Stark and penetrating, Joyce Carol Oates’s latest novel is a vivid exploration of race, psychological trauma, class warfare, grief, and eventual healing, as well as an intimate family novel in the tradition of the author’s bestselling We Were the Mulvaneys.
PUBLISHERS WEEKLY
Oates's quintessential examination of grief (after Pursuit) draws on the closing lines of Walt Whitman's "A Clear Midnight," which reverberate and reappear throughout this weighty chronicle of a family's reckoning with the death of a father and husband.

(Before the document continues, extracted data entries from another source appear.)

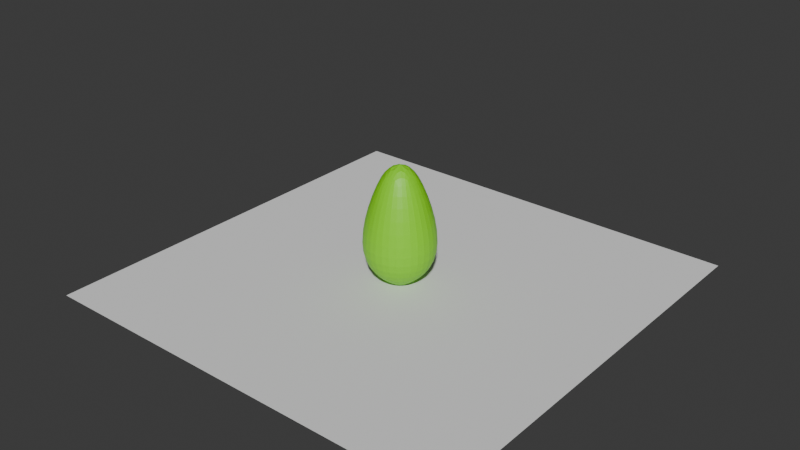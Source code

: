 # Source: slimeKopet.blend  (saved by Blender 4.1.24; exported with 4.5.12 LTS)
import bpy
from mathutils import Matrix  # noqa: F401  (used for matrix-valued properties, if any)

bpy.ops.wm.read_factory_settings(use_empty=True)
scene = bpy.context.scene
scene.name = 'Scene'

# ---- collections
col_collection = bpy.data.collections.new('Collection'); scene.collection.children.link(col_collection)

# ---- materials (node trees are filled in below, after node groups)
mat_material_001 = bpy.data.materials.new('Material.001')
mat_material_001.use_transparent_shadow = False

# ---- material node trees
mat_material_001.use_nodes = True; mat_material_001.node_tree.nodes.clear()
_N = mat_material_001.node_tree.nodes; _L = mat_material_001.node_tree.links
n0 = _N.new('ShaderNodeBsdfPrincipled'); n0.name = 'Principled BSDF'; n0.location = (10, 300)
n0.inputs[0].default_value = (0.2516, 0.8005, 0.0, 1.0)
n1 = _N.new('ShaderNodeOutputMaterial'); n1.name = 'Material Output'; n1.location = (300, 300)
_L.new(n0.outputs[0], n1.inputs[0])
n1.is_active_output = True

# ---- world
world_world = bpy.data.worlds.new('World'); scene.world = world_world
world_world.use_nodes = True; world_world.node_tree.nodes.clear()
_N = world_world.node_tree.nodes; _L = world_world.node_tree.links
n0 = _N.new('ShaderNodeOutputWorld'); n0.name = 'World Output'; n0.location = (300, 300)
n1 = _N.new('ShaderNodeBackground'); n1.name = 'Background'; n1.location = (10, 300)
n1.inputs[0].default_value = (0.05088, 0.05088, 0.05088, 1.0)
_L.new(n1.outputs[0], n0.inputs[0])
n0.is_active_output = True
world_world.color = (0.05088, 0.05088, 0.05088)
world_world.use_sun_shadow = False
world_world.sun_shadow_jitter_overblur = 0.0

# ---- meshes
me_sphere = bpy.data.meshes.new('Sphere')
me_sphere.from_pydata([(-3.56e-08, 0.4993, 2.267), (-2.28e-08, 0.7986, 1.22), (-3.677e-08, 0.677, 0.4332), (0.353, 0.353, 2.267), (0.5647, 0.5647, 1.22), (0.4787, 0.4787, 0.4332), (0.1758, 0.1758, 0.02102), (-7.961e-08, 1.473e-07, 2.786), (0.4993, 9.049e-08, 2.267), (0.7986, 6.953e-08, 1.22), (0.677, 7.419e-08, 0.4332), (0.2486, 1.118e-07, 0.02102), (0.353, -0.353, 2.267), (0.5647, -0.5647, 1.22), (0.4787, -0.4787, 0.4332), (0.1758, -0.1758, 0.02102), (-1.743e-07, -0.4993, 2.267), (-2.053e-07, -0.7986, 1.22), (-1.802e-07, -0.677, 0.4332), (-1.26e-07, -0.2486, 0.02102), (-0.353, -0.353, 2.267), (-0.5647, -0.5647, 1.22), (-0.4787, -0.4787, 0.4332), (-0.1758, -0.1758, 0.02102), (-9.684e-08, 1.217e-07, -0.05968), (-0.4993, 2.415e-07, 2.267), (-0.7986, 3.077e-07, 1.22), (-0.677, 2.495e-07, 0.4332), (-0.2486, 1.557e-07, 0.02102), (-0.353, 0.353, 2.267), (-0.5647, 0.5647, 1.22), (-0.4787, 0.4787, 0.4332), (-0.1758, 0.1758, 0.02102), (-7.379e-08, 0.2486, 0.02102), (-3.071e-08, 0.8137, 0.9825), (-2.757e-08, 0.7977, 0.7741), (-2.91e-08, 0.7517, 0.5919), (0.7526, 7.629e-08, 1.485), (0.6821, 7.559e-08, 1.762), (0.595, 8.013e-08, 2.029), (-5.05e-08, 0.577, 0.296), (-5.586e-08, 0.4631, 0.1807), (-6.727e-08, 0.3491, 0.08866), (0.2778, 0.4178, 2.265), (0.193, 0.4659, 2.262), (0.09899, 0.4919, 2.265), (0.4007, 9.724e-08, 2.46), (0.2972, 1.08e-07, 2.606), (0.1812, 1.208e-07, 2.713), (0.5322, 0.5322, 1.485), (0.4823, 0.4823, 1.762), (0.4208, 0.4208, 2.029), (0.6635, 0.4436, 1.22), (0.737, 0.3053, 1.22), (0.7828, 0.1555, 1.22), (0.2834, 0.2834, 2.46), (0.2102, 0.2102, 2.606), (0.1281, 0.1281, 2.713), (0.5625, 0.3761, 0.4332), (0.6248, 0.2588, 0.4332), (0.6636, 0.1318, 0.4332), (-5.702e-08, 0.1812, 2.713), (-5.237e-08, 0.2972, 2.606), (-4.375e-08, 0.4007, 2.46), (0.2076, 0.1382, 0.02111), (0.2312, 0.09576, 0.0212), (0.2445, 0.04902, 0.02111), (0.5322, -0.5322, 1.485), (0.4823, -0.4823, 1.762), (0.4208, -0.4208, 2.029), (0.4919, 0.09899, 2.265), (0.4659, 0.193, 2.262), (0.4178, 0.2778, 2.265), (0.6636, -0.1318, 0.4332), (0.6248, -0.2588, 0.4332), (0.5625, -0.3761, 0.4332), (0.3491, 1.054e-07, 0.08866), (0.4631, 9.049e-08, 0.1807), (0.577, 8.129e-08, 0.296), (0.2834, -0.2834, 2.46), (0.2102, -0.2102, 2.606), (0.1281, -0.1281, 2.713), (0.7828, -0.1555, 1.22), (0.737, -0.3053, 1.22), (0.6635, -0.4436, 1.22), (0.2445, -0.04902, 0.02111), (0.2312, -0.09576, 0.0212), (0.2076, -0.1382, 0.02111), (-2.004e-07, -0.7526, 1.485), (-1.93e-07, -0.6821, 1.762), (-1.84e-07, -0.595, 2.029), (0.4178, -0.2778, 2.265), (0.4659, -0.193, 2.262), (0.4919, -0.09899, 2.265), (0.3761, -0.5625, 0.4332), (0.2588, -0.6248, 0.4332), (0.1318, -0.6636, 0.4332), (0.2468, -0.2468, 0.08866), (0.3274, -0.3274, 0.1807), (0.408, -0.408, 0.296), (-1.674e-07, -0.4007, 2.46), (-1.506e-07, -0.2972, 2.606), (-1.252e-07, -0.1812, 2.713), (0.4436, -0.6635, 1.22), (0.3053, -0.737, 1.22), (0.1555, -0.7828, 1.22), (0.1382, -0.2076, 0.02111), (0.09576, -0.2312, 0.0212), (0.04902, -0.2445, 0.02111), (-0.5322, -0.5322, 1.485), (-0.4823, -0.4823, 1.762), (-0.4208, -0.4208, 2.029), (0.09899, -0.4919, 2.265), (0.193, -0.4659, 2.262), (0.2778, -0.4178, 2.265), (-0.1318, -0.6636, 0.4332), (-0.2588, -0.6248, 0.4332), (-0.3761, -0.5625, 0.4332), (-1.346e-07, -0.3491, 0.08866), (-1.527e-07, -0.4631, 0.1807), (-1.729e-07, -0.577, 0.296), (-0.2834, -0.2834, 2.46), (-0.2102, -0.2102, 2.606), (-0.1281, -0.1281, 2.713), (-0.1555, -0.7828, 1.22), (-0.3053, -0.737, 1.22), (-0.4436, -0.6635, 1.22), (-0.04902, -0.2445, 0.02111), (-0.09576, -0.2312, 0.0212), (-0.1382, -0.2076, 0.02111), (-0.7526, 3.035e-07, 1.485), (-0.6821, 2.886e-07, 1.762), (-0.595, 2.657e-07, 2.029), (-0.2778, -0.4178, 2.265), (-0.193, -0.4659, 2.262), (-0.09899, -0.4919, 2.265), (-0.5625, -0.3761, 0.4332), (-0.6248, -0.2588, 0.4332), (-0.6636, -0.1318, 0.4332), (-0.2468, -0.2468, 0.08866), (-0.3274, -0.3274, 0.1807), (-0.408, -0.408, 0.296), (-0.4007, 2.199e-07, 2.46), (-0.2972, 1.962e-07, 2.606), (-0.1812, 1.743e-07, 2.713), (-0.6635, -0.4436, 1.22), (-0.737, -0.3053, 1.22), (-0.7828, -0.1555, 1.22), (-0.2076, -0.1382, 0.02111), (-0.2312, -0.09576, 0.0212), (-0.2445, -0.04902, 0.02111), (-0.5322, 0.5322, 1.485), (-0.4823, 0.4823, 1.762), (-0.4208, 0.4208, 2.029), (-0.4919, -0.09899, 2.265), (-0.4659, -0.193, 2.262), (-0.4178, -0.2778, 2.265), (-0.6636, 0.1318, 0.4332), (-0.6248, 0.2588, 0.4332), (-0.5625, 0.3761, 0.4332), (-0.1214, -0.1214, -0.0222), (-0.08027, -0.08027, -0.04593), (-0.0458, -0.0458, -0.05635), (-0.3491, 1.75e-07, 0.08866), (-0.4631, 1.974e-07, 0.1807), (-0.577, 2.202e-07, 0.296), (-0.2834, 0.2834, 2.46), (-0.2102, 0.2102, 2.606), (-0.1281, 0.1281, 2.713), (-0.7828, 0.1555, 1.22), (-0.737, 0.3053, 1.22), (-0.6635, 0.4436, 1.22), (-0.2445, 0.04902, 0.02111), (-0.2312, 0.09576, 0.0212), (-0.2076, 0.1382, 0.02111), (-0.4178, 0.2778, 2.265), (-0.4659, 0.193, 2.262), (-0.4919, 0.09899, 2.265), (-0.2468, 0.2468, 0.08866), (-0.3274, 0.3274, 0.1807), (-0.408, 0.408, 0.296), (-0.4436, 0.6635, 1.22), (-0.3053, 0.737, 1.22), (-0.1555, 0.7828, 1.22), (-0.09899, 0.4919, 2.265), (-0.193, 0.4659, 2.262), (-0.2778, 0.4178, 2.265), (0.5315, 0.5315, 0.5919), (0.5641, 0.5641, 0.7741), (0.5754, 0.5754, 0.9825), (0.1318, 0.6636, 0.4332), (0.2588, 0.6248, 0.4332), (0.3761, 0.5625, 0.4332), (-2.862e-08, 0.595, 2.029), (-2.373e-08, 0.6821, 1.762), (-2.187e-08, 0.7526, 1.485), (0.04902, 0.2445, 0.02111), (0.09576, 0.2312, 0.0212), (0.1382, 0.2076, 0.02111), (-8.409e-08, 0.1716, -0.0222), (-8.956e-08, 0.1135, -0.04593), (-9.27e-08, 0.06477, -0.05635), (0.2468, 0.2468, 0.08866), (0.3274, 0.3274, 0.1807), (0.408, 0.408, 0.296), (0.1555, 0.7828, 1.22), (0.3053, 0.737, 1.22), (0.4436, 0.6635, 1.22), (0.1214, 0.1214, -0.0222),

John Earle "Whitey" McClaren, the 67-year-old "lynchpin" of a Hudson, N.Y., family, and longtime mayor of a nearby town, is tased, beaten, and suffers a stroke after he intervenes during an incident of police brutality against Azim Murthy, a stranger to Whitey whom he registers as a "dark-skinned young man." Oates's dispassionate description of the scene peels back the layers of fear and assumption that led the police to treat Azim and Whitey so brutally, retelling the events from Azim's point of view. After Whitey dies, Jessalyn, his 61-year old widow, and their five squabbling children struggle to pick up the pieces. While Jessalyn casts about in semi-coherence "stumbling through the illogic of a primitive philosopher just discovering quasi-paradoxes of being, existence, nothingness and the (limited) capacity of language to express these" her children fear she is approaching a nervous breakdown. More concerning to them is the presence of Hugo Martinez, a mustachioed 59-year-old poet and their mother's new suitor, who recites the Whitman poem during an awkward Thanksgiving dinner, and whom they fear will jeopardize their inheritance even as his presence has a life-affirming affect on their mother. With precise, authoritative prose that reads like an inquest written by a poet ("death makes of all that is familiar, unfamiliar"), Oates keep the reader engaged throughout the sprawling narrative. This is a significant and admirable entry in the Oates canon.
Customer Reviews
Mesmerizing!
This is an utterly engrossing and captivating story - beautifully written.